(Entries taken from a collection)
● ● ● ●

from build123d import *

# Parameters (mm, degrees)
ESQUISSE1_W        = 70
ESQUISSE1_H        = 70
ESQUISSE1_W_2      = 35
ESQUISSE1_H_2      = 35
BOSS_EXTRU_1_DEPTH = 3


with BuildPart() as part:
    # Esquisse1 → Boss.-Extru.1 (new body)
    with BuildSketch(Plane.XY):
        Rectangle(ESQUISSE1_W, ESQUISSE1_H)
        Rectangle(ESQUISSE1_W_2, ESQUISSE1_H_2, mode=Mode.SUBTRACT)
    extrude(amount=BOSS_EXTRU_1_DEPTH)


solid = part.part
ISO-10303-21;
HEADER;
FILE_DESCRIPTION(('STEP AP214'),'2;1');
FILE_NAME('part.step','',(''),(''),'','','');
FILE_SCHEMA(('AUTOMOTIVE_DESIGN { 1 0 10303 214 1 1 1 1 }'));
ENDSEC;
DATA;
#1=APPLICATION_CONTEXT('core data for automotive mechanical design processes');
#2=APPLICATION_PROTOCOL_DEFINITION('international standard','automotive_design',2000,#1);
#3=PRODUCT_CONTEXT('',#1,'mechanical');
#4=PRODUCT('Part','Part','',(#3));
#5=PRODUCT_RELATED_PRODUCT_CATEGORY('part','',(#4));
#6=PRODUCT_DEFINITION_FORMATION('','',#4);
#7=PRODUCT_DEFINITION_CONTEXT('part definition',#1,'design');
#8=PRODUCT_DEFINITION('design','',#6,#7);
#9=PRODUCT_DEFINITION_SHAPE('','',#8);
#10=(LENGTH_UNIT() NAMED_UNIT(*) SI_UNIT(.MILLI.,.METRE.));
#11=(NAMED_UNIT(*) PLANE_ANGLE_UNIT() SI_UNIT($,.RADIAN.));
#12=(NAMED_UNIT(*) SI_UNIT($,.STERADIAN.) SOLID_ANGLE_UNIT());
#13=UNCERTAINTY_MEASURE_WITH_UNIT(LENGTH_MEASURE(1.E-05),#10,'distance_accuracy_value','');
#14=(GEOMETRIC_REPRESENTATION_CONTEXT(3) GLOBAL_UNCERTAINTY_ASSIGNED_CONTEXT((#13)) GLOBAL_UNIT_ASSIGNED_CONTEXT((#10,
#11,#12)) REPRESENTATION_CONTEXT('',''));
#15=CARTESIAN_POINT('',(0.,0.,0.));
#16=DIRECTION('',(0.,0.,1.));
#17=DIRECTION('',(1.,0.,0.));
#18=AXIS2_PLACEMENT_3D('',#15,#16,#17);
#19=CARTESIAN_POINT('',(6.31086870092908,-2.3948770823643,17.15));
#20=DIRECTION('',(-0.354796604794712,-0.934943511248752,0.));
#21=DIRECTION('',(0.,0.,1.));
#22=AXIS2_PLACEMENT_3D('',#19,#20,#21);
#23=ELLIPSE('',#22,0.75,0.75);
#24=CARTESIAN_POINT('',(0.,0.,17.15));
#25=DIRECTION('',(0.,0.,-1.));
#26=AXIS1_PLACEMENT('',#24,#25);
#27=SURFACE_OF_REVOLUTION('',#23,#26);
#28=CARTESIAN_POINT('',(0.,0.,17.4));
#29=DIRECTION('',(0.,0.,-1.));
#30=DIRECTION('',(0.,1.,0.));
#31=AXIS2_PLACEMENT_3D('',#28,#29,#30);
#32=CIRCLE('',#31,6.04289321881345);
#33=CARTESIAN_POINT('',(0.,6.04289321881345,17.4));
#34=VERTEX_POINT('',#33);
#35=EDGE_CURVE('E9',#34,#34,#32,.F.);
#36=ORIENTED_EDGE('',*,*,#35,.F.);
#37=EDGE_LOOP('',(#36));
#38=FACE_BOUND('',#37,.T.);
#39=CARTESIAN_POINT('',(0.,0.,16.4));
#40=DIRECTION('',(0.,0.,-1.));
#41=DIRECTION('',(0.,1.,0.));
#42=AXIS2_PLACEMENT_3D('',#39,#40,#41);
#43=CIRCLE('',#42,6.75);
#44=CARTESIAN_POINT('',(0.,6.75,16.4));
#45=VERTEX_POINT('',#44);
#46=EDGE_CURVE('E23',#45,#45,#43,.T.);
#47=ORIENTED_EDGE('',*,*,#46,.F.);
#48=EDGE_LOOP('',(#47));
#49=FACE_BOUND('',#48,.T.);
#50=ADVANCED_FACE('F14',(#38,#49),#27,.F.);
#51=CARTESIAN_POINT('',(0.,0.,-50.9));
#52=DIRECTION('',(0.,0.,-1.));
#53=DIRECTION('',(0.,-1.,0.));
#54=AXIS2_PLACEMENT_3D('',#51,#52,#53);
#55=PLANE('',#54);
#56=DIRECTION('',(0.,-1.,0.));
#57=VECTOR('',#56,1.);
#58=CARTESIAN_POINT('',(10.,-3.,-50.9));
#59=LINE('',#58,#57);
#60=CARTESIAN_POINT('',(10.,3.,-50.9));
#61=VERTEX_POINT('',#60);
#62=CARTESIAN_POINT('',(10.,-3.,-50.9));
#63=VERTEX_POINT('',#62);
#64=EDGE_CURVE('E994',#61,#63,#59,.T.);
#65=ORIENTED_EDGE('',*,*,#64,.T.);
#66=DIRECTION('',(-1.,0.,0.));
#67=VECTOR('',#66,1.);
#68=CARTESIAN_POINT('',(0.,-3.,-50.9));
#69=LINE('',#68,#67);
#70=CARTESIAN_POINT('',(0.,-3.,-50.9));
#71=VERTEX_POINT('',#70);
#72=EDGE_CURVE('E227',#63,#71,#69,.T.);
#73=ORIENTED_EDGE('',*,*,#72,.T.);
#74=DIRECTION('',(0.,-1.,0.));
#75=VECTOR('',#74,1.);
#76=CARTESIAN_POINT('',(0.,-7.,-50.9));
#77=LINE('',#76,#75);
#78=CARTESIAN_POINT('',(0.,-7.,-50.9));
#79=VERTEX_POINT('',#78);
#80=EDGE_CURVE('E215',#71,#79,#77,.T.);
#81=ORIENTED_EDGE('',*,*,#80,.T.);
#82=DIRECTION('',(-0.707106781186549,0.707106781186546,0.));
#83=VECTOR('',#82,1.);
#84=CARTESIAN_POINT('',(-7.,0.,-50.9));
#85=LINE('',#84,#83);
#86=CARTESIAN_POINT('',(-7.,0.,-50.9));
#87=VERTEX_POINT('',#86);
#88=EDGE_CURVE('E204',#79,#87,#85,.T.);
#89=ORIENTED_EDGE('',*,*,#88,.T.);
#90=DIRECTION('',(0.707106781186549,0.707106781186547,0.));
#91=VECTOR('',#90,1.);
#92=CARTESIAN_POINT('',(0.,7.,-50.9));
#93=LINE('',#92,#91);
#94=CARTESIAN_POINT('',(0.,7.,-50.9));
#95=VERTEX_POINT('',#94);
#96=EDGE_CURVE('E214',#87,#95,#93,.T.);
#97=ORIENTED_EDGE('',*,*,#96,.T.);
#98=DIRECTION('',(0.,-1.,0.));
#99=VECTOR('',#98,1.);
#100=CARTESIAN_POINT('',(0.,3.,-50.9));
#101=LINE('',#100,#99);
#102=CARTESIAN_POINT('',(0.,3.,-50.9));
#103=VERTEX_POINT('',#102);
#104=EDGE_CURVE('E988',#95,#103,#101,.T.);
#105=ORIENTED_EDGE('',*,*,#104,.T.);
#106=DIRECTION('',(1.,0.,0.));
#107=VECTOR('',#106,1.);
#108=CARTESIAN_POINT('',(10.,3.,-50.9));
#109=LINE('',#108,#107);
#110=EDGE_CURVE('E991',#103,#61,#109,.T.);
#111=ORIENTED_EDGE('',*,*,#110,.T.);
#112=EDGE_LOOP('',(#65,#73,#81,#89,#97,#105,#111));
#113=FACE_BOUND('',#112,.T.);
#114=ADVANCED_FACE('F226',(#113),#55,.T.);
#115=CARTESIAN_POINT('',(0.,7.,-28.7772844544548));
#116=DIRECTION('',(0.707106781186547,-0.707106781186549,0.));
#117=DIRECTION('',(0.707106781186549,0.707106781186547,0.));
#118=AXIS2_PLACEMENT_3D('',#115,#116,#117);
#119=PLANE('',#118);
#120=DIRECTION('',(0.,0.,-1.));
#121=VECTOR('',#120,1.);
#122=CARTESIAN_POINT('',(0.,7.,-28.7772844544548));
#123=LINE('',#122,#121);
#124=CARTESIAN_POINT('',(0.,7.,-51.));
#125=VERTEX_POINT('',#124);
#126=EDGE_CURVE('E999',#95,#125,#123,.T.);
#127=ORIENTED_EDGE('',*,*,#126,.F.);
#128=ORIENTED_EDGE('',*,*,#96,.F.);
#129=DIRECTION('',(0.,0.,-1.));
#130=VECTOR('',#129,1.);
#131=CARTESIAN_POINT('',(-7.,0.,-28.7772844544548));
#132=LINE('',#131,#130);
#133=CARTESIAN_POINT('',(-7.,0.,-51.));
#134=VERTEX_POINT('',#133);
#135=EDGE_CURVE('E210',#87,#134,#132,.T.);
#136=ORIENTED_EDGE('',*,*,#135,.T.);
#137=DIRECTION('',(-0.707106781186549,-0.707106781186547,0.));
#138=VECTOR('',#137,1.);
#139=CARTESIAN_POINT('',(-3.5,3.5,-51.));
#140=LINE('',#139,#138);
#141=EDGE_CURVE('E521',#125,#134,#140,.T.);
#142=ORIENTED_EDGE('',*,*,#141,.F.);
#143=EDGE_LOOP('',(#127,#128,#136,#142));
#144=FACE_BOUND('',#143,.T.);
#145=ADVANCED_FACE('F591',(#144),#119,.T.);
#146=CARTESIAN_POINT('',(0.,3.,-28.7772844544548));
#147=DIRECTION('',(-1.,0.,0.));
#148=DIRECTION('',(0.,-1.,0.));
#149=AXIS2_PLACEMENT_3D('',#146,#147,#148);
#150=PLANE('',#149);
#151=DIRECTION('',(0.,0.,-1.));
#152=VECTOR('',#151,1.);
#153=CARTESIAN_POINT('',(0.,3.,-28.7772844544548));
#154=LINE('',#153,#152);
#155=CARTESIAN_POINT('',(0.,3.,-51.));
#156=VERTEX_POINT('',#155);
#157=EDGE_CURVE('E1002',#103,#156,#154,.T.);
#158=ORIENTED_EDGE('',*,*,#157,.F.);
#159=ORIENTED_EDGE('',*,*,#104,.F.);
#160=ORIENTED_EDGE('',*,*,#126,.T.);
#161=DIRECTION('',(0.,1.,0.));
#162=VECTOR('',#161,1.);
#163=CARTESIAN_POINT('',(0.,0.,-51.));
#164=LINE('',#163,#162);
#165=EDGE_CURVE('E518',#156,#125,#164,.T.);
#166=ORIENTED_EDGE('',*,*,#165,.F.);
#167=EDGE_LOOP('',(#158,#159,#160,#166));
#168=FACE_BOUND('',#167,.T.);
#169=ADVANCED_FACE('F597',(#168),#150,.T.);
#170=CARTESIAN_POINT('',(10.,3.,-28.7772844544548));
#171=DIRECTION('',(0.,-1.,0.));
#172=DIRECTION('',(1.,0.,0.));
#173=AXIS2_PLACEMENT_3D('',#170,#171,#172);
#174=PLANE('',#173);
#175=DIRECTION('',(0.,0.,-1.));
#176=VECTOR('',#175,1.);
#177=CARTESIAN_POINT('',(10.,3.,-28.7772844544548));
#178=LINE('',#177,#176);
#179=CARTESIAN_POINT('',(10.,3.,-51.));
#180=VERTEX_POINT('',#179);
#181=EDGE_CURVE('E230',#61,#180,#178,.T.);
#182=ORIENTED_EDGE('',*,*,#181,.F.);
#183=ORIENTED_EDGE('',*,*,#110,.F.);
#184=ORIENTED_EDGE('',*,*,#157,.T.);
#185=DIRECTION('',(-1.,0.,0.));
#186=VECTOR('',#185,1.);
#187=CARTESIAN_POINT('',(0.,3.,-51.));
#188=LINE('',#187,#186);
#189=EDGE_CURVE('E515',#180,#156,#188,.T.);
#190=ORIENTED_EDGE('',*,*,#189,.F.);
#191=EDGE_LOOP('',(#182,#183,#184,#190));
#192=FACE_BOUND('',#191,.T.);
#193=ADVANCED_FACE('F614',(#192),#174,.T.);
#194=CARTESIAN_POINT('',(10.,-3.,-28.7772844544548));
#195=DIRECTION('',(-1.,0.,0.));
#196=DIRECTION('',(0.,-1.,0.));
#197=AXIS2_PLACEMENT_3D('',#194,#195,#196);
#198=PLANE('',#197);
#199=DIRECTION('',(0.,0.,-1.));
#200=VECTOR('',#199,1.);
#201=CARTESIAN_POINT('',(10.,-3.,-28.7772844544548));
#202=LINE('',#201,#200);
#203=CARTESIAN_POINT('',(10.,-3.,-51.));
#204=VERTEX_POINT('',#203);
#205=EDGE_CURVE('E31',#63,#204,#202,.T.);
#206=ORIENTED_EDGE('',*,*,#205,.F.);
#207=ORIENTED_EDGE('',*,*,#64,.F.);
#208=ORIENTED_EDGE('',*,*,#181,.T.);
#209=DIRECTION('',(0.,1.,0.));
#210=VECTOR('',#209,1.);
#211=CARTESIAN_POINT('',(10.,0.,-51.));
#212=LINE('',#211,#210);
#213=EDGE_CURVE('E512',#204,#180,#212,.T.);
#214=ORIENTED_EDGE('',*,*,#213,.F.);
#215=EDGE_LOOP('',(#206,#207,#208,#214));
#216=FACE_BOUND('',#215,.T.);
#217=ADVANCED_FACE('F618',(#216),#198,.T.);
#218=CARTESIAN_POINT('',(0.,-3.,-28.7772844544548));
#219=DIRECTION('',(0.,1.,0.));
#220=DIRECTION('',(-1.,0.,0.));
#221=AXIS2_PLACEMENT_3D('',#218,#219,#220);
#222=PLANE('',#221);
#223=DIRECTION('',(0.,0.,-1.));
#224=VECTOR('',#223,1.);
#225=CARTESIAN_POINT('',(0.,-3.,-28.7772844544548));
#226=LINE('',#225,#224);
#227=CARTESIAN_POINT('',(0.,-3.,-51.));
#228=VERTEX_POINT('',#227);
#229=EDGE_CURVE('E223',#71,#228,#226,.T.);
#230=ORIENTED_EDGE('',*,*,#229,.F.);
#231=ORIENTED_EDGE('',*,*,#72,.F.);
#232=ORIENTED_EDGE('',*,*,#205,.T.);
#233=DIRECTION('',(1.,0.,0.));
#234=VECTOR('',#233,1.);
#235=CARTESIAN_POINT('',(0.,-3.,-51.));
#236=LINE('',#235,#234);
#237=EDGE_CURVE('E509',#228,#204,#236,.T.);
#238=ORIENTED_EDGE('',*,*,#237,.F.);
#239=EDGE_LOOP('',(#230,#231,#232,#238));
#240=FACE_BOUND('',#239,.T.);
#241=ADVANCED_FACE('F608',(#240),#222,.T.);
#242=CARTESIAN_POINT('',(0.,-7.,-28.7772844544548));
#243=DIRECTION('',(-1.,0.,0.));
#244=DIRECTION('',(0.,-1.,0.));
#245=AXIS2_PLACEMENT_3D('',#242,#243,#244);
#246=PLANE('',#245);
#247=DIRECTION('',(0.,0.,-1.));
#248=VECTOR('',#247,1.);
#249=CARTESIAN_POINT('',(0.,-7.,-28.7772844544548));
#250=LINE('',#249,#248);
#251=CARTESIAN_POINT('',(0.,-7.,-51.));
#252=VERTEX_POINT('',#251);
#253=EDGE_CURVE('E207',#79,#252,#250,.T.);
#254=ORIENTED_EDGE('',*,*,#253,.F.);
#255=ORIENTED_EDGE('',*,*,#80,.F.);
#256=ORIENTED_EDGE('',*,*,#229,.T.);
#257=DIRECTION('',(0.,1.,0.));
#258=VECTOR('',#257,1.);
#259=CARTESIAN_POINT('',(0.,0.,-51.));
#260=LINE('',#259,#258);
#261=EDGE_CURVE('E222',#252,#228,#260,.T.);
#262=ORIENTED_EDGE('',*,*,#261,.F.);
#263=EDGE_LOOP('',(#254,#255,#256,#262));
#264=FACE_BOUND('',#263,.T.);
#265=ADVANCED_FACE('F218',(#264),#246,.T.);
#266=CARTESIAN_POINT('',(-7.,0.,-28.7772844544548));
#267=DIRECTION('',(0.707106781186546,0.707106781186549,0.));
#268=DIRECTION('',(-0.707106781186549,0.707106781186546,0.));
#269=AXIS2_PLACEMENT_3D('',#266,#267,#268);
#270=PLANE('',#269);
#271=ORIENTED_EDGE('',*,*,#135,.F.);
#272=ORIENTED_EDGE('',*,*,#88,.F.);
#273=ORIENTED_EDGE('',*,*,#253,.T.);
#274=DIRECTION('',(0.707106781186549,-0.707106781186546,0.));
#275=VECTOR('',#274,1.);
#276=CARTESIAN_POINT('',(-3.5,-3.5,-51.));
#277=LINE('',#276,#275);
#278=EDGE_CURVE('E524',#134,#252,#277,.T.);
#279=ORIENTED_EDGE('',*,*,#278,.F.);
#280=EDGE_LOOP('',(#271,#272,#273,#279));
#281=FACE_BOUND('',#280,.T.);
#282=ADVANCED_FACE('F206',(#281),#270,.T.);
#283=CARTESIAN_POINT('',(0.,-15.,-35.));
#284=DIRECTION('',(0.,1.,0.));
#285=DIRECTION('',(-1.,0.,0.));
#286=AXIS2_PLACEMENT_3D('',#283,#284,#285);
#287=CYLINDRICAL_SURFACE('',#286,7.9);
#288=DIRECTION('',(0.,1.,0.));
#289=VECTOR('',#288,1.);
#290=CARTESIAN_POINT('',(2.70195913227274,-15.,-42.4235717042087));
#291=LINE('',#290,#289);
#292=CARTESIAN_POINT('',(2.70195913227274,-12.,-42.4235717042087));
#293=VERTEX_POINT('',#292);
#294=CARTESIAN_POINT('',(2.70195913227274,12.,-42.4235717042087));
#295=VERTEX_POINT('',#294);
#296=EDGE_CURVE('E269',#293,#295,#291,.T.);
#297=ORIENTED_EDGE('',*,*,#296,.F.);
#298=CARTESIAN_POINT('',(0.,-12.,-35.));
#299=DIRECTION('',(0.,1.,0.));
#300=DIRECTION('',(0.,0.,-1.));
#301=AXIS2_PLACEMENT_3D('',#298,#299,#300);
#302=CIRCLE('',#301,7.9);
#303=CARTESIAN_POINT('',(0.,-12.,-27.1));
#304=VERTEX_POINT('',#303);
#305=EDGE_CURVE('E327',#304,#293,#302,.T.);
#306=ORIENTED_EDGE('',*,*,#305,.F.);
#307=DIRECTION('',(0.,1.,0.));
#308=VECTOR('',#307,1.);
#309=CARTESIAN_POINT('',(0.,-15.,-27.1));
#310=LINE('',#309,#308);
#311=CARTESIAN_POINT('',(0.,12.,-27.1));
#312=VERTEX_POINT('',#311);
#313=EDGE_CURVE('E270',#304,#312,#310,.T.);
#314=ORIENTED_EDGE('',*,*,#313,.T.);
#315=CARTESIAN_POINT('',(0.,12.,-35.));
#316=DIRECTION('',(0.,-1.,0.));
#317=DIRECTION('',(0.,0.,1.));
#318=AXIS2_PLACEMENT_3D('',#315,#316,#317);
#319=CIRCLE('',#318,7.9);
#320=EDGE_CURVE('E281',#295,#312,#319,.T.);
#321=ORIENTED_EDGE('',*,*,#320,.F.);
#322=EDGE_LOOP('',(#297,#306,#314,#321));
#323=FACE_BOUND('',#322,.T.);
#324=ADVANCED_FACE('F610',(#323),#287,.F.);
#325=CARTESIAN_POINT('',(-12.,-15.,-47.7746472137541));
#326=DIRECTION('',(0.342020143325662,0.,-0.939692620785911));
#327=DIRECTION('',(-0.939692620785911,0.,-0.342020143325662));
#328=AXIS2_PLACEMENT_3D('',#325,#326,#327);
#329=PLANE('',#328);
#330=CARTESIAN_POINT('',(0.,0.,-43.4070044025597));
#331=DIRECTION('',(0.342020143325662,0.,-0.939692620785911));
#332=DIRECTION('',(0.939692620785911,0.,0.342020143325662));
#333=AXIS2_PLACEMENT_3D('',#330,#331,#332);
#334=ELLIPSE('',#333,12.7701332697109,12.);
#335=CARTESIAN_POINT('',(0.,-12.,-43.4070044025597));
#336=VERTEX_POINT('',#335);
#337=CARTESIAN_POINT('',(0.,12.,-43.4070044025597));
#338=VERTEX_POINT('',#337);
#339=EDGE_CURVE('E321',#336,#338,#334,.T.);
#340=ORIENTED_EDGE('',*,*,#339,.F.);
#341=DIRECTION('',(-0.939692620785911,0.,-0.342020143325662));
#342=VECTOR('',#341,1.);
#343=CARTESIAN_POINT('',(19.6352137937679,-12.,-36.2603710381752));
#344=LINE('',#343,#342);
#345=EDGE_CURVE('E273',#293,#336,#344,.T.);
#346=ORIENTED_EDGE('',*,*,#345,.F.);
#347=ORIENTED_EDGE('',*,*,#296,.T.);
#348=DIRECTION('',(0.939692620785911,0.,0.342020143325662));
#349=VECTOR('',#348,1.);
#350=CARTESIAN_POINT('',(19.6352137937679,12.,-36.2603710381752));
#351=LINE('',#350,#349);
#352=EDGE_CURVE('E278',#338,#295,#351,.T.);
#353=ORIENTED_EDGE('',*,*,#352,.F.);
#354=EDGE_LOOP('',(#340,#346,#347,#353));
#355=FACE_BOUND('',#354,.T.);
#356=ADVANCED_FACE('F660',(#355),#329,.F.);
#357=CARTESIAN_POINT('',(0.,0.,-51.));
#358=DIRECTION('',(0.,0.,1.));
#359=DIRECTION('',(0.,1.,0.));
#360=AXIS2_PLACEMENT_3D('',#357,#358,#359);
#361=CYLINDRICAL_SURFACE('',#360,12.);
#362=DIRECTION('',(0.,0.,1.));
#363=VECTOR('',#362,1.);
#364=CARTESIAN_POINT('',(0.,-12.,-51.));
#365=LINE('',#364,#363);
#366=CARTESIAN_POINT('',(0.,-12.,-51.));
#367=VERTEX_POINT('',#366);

● ● ● ●

Repeat verbatim the opening run of entries, ending with the line that contains "# Esquisse1 → Boss.-Extru.1 (new body)".

■ **Exercise output**:
from build123d import *

# Parameters (mm, degrees)
ESQUISSE1_W        = 70
ESQUISSE1_H        = 70
ESQUISSE1_W_2      = 35
ESQUISSE1_H_2      = 35
BOSS_EXTRU_1_DEPTH = 3


with BuildPart() as part:
    # Esquisse1 → Boss.-Extru.1 (new body)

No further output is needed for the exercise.